Why Addressing Obesity Matters

This is a legitimate question. Only the other day, I was confronted by an otherwise seemingly intelligent person who saw no reason for concern over raising an obese child. It may seem like common sense, but here are some facts you should understand just in case.

  • 1 in 3 people in the United States is currently obese. 2 out of 3 are at least moderately overweight. Only that final third falls into the “healthy weight” category. 
  • Over 13 million children in the United States alone are obese. 
  • Obesity increases your risk of developing heart disease, stroke, diabetes, cancer, gallbladder disease, osteoarthritis, sleep apnea, asthma and gout – among other things.
  • 1 in 5 people will die of a weight-related disease or health complication. 

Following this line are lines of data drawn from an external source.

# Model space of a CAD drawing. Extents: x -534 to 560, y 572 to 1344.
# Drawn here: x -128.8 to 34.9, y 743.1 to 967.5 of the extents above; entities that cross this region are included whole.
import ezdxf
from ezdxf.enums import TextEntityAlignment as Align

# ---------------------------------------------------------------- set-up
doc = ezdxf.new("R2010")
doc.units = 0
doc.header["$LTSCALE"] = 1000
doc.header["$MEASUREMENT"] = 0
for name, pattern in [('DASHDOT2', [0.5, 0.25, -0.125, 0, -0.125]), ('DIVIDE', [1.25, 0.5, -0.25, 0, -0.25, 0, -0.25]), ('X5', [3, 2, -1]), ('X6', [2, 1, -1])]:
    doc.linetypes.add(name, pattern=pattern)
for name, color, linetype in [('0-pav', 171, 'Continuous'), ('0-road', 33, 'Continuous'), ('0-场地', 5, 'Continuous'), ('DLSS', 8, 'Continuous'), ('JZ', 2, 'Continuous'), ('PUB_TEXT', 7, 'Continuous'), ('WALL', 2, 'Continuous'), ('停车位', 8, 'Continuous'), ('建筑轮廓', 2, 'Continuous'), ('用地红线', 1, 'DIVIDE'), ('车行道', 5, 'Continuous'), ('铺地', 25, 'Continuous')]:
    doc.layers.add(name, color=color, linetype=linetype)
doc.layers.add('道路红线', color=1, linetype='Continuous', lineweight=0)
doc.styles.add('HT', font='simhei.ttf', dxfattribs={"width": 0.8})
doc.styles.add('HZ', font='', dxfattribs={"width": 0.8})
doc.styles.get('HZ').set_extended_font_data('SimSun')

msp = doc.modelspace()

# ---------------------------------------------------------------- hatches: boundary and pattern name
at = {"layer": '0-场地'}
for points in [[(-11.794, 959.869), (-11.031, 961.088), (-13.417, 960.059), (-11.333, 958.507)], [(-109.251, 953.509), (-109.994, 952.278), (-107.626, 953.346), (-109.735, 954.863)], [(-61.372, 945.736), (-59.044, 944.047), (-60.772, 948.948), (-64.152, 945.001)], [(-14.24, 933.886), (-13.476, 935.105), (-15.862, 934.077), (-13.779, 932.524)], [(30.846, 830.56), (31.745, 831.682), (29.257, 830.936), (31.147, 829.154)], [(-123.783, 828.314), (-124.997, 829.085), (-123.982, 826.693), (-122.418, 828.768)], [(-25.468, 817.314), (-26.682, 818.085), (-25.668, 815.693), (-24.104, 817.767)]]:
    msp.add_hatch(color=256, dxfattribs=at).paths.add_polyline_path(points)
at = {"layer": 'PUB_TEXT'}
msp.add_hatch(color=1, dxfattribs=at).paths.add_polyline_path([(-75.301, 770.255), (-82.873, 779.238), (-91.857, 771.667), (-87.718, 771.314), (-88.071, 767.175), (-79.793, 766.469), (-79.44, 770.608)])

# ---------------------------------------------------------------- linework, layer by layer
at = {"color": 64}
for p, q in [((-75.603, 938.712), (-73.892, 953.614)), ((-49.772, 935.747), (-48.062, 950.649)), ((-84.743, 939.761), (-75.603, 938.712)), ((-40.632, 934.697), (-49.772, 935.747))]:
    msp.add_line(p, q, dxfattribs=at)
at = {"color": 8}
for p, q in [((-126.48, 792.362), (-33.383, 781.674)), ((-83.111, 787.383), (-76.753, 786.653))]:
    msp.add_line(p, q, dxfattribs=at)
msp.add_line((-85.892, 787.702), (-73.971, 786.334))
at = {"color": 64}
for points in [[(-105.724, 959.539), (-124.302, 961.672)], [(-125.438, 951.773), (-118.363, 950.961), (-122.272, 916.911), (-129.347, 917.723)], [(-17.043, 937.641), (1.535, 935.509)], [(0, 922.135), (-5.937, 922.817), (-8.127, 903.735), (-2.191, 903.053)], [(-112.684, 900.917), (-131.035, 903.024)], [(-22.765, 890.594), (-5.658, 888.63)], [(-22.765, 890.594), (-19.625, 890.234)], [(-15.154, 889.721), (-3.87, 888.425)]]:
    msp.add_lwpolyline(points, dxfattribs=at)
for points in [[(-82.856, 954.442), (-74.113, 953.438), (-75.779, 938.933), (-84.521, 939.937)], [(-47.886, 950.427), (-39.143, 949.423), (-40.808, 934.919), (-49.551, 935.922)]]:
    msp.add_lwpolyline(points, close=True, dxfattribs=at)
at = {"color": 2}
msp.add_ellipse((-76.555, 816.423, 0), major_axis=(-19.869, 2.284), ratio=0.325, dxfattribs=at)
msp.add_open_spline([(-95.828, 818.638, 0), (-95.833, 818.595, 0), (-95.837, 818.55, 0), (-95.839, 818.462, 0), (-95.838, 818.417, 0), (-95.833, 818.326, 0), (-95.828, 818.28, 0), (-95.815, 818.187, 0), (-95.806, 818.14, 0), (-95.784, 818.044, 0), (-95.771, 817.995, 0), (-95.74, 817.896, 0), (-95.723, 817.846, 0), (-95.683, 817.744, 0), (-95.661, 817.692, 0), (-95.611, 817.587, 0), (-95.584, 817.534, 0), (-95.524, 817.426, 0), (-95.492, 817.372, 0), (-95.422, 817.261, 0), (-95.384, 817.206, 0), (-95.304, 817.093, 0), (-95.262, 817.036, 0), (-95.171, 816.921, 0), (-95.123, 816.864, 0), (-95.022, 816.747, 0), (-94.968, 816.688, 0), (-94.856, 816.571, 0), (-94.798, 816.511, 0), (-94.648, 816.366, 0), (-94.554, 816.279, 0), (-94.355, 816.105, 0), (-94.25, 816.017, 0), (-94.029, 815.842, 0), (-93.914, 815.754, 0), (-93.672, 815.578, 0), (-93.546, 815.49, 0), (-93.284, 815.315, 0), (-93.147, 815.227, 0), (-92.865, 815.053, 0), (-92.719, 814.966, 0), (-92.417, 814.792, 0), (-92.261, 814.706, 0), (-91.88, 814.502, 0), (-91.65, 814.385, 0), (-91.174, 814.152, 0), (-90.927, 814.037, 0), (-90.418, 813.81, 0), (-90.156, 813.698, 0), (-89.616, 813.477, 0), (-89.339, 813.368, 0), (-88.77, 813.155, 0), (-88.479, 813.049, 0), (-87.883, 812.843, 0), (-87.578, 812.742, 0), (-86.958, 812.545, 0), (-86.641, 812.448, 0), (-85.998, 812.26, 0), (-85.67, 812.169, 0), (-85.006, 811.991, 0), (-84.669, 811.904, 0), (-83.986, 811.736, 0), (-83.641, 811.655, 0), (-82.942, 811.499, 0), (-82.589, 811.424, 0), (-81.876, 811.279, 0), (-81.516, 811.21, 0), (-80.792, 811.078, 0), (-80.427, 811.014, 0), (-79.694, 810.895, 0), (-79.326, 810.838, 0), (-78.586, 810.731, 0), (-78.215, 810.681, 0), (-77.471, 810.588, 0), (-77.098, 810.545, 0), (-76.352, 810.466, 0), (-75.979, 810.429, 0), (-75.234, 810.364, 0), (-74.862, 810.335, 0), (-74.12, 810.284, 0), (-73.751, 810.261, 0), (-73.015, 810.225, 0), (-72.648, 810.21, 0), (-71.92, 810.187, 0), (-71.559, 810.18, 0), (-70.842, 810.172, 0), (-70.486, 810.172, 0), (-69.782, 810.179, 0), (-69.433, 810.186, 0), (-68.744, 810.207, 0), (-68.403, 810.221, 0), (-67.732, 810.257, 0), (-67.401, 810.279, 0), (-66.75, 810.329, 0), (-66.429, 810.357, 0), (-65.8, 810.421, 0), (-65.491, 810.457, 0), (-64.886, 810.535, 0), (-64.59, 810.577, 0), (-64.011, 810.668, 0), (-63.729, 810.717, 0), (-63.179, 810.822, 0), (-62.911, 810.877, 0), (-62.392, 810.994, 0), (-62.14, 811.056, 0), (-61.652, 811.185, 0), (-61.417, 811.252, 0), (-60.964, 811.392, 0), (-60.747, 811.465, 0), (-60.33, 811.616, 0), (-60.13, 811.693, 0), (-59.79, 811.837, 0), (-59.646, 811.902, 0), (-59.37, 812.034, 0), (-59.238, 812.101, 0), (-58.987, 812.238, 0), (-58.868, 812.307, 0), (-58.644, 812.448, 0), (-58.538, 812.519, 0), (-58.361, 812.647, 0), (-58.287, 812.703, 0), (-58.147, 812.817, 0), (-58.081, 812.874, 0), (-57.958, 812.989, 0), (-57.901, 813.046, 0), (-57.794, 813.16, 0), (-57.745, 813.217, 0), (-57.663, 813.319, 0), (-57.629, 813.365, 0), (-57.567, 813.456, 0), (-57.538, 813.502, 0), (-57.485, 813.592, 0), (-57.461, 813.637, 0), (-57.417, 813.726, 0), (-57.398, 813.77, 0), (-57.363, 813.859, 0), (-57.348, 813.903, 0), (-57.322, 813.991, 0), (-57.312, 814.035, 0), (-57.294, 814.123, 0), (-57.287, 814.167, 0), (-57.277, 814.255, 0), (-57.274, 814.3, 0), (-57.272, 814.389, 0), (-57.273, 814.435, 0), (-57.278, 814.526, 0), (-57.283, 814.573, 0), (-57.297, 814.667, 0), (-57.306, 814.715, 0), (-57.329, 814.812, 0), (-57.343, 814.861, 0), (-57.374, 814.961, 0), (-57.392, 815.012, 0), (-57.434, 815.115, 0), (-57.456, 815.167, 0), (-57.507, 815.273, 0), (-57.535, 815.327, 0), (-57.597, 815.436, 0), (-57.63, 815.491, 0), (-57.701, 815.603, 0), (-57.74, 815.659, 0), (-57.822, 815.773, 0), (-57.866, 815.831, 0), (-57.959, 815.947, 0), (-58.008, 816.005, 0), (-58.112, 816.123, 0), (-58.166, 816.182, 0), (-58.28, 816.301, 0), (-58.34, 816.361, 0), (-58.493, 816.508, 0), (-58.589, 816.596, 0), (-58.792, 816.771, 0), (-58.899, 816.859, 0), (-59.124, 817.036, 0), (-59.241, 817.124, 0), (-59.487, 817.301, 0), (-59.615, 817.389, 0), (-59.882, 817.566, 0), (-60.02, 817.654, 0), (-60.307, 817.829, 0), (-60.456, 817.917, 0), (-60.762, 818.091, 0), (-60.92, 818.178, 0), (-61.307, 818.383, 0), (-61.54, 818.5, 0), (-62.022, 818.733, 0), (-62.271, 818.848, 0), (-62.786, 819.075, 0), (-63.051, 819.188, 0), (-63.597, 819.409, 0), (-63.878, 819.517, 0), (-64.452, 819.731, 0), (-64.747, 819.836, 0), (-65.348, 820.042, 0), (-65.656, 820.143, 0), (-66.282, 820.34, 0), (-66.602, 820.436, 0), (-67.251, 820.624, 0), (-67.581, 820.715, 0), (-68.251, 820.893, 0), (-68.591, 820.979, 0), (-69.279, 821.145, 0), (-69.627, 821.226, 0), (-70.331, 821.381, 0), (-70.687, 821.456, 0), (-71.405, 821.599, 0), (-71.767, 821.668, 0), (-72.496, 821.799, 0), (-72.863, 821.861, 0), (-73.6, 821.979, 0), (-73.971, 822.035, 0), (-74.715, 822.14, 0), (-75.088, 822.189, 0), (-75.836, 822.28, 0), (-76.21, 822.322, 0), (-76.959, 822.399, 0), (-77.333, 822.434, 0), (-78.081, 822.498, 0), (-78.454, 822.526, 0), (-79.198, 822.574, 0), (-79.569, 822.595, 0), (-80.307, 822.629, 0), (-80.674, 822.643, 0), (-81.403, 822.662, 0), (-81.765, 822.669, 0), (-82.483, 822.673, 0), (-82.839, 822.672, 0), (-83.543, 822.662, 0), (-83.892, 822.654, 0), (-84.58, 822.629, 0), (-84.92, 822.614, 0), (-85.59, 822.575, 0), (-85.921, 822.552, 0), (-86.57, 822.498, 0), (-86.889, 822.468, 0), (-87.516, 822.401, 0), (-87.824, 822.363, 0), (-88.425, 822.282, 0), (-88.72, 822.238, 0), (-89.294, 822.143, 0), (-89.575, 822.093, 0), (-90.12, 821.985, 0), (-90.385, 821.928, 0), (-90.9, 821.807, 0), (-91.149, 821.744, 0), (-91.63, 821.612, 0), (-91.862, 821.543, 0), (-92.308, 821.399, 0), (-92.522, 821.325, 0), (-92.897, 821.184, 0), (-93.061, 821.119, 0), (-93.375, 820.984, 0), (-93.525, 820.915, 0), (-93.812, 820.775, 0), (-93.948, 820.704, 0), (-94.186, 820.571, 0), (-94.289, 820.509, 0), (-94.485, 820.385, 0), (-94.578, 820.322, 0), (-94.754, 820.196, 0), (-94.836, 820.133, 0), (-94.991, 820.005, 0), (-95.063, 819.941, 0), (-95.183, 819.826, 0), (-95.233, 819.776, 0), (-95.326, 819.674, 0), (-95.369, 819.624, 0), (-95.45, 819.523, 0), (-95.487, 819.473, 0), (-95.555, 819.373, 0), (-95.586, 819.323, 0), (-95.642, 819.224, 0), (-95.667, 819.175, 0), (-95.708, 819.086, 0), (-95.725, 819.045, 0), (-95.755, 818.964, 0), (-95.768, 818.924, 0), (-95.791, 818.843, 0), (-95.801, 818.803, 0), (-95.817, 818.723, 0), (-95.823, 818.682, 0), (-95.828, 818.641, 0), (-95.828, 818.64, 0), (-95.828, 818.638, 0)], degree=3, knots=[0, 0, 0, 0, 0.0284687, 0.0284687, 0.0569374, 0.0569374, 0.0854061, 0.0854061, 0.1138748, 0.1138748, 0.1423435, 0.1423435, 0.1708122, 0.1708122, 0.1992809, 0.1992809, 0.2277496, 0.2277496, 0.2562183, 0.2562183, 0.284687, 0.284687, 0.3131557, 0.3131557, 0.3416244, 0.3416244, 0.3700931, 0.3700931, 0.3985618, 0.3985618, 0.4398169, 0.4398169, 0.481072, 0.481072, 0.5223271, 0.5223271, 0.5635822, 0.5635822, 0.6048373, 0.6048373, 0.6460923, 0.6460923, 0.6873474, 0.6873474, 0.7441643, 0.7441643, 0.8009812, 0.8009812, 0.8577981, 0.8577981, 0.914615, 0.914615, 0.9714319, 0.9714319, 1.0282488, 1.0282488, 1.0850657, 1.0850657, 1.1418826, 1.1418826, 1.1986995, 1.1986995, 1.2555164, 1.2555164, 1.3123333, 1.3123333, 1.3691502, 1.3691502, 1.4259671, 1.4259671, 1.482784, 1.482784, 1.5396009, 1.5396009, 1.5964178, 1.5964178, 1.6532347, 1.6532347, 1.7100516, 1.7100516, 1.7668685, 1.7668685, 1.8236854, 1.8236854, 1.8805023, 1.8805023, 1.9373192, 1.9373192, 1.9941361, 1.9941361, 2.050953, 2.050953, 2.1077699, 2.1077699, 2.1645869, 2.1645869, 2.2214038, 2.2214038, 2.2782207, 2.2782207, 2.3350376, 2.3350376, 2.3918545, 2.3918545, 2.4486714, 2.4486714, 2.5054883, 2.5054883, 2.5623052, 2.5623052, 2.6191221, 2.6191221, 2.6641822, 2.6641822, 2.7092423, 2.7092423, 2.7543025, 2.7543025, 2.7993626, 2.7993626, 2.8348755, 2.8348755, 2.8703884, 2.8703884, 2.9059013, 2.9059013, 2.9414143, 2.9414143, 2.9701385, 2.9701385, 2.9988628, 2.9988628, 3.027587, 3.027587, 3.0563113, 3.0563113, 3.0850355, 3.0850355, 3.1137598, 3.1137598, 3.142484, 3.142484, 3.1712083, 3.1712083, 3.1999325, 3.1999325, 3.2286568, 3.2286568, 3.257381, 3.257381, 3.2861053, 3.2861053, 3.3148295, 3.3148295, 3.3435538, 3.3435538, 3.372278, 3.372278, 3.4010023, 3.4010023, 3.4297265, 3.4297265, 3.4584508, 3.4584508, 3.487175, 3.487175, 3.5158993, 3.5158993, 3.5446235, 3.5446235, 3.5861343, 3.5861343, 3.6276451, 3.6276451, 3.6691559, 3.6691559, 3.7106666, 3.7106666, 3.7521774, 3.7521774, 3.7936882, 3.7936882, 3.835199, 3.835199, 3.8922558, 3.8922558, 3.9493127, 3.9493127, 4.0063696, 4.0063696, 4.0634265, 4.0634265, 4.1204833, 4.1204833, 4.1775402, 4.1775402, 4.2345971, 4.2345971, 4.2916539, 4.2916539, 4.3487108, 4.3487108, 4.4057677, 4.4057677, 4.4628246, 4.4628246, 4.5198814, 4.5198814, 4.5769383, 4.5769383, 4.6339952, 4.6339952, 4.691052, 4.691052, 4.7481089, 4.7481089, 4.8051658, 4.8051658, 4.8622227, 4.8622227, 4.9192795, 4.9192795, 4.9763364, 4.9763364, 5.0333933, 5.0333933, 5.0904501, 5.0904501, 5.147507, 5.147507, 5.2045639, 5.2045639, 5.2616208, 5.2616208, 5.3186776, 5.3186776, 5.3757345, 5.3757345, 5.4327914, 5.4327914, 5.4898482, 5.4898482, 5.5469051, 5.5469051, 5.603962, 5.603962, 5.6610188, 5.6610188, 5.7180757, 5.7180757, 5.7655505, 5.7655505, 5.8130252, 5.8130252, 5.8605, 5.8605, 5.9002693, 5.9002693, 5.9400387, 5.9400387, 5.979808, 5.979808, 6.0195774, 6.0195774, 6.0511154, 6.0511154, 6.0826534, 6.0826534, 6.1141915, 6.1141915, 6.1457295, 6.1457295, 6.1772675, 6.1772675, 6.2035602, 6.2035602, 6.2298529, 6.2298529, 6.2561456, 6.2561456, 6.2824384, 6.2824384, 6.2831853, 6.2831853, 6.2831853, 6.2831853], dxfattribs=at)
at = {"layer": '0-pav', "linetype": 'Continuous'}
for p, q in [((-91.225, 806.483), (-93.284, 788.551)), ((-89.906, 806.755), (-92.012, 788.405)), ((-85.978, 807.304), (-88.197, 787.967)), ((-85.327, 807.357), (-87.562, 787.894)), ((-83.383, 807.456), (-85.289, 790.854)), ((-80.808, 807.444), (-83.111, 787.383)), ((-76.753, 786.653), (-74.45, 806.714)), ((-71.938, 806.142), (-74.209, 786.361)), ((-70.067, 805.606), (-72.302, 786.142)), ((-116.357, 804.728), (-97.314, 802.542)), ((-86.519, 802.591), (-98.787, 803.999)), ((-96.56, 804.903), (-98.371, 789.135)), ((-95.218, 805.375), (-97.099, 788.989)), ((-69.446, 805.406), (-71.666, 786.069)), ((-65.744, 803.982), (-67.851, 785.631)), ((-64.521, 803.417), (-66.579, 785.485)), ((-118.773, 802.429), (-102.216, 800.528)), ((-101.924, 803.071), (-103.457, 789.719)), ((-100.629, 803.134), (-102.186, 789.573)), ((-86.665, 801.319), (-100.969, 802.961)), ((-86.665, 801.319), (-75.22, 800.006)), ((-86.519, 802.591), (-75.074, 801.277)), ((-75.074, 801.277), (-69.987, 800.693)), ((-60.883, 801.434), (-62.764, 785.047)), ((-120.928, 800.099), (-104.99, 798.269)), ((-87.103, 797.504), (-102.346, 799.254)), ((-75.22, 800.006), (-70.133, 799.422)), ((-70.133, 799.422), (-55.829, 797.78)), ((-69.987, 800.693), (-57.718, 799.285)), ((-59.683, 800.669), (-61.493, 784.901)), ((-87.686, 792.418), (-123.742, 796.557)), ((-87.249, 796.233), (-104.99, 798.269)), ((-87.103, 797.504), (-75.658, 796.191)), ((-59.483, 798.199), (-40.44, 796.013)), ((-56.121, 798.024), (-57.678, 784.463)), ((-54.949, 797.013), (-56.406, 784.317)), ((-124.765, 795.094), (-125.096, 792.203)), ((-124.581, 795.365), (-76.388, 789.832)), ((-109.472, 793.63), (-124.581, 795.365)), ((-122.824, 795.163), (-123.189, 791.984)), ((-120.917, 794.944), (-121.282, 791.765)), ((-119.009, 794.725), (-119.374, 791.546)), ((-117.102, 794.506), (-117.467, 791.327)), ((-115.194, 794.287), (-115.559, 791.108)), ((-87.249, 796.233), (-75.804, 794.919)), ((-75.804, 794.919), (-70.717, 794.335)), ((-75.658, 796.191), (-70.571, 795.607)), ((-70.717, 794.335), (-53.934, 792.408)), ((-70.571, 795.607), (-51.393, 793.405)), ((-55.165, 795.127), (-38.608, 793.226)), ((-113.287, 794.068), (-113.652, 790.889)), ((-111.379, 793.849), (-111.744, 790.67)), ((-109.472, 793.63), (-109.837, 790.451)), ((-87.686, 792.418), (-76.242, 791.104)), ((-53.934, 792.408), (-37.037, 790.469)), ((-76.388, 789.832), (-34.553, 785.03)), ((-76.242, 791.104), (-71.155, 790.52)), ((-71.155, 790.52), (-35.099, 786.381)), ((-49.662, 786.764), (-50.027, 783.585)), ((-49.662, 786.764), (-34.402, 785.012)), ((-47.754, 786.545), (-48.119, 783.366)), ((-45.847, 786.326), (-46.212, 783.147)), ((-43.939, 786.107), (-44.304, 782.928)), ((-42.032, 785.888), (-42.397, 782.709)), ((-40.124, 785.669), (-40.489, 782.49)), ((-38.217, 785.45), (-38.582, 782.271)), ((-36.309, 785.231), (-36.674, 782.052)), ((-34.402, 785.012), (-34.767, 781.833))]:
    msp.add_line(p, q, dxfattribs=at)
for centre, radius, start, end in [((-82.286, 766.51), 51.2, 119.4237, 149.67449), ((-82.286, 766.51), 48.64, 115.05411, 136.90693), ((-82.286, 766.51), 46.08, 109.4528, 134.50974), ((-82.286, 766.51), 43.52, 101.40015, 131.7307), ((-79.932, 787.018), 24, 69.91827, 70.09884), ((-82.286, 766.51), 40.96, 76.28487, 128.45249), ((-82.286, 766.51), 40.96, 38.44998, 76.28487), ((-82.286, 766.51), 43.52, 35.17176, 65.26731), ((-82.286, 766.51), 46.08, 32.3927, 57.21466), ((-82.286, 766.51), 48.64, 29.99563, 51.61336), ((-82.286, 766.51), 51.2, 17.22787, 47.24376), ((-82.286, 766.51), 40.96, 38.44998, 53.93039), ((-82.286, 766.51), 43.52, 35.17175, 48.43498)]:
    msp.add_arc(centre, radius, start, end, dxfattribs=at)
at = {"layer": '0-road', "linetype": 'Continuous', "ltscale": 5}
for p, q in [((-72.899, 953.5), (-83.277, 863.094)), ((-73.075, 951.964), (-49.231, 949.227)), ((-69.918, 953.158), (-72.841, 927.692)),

Obesity has become the leading killer of Americans. Think of it – we live in a country wherein the leading causes of death are not from a lack of food, but rather an overabundance of it. For a nation so intent on eradicating health risks like smoking, we’re all too happy to run gleefully head-on into a national obesity epidemic.

That said, most of us have a choice in the matter. While it’s true that specific diseases or genetic mutations may cause obesity in individuals, most of us have nothing to blame but our habits. 

Don’t let your habits make you a statistic.

There’s never been a better time to get in shape, improve your health and improve your life!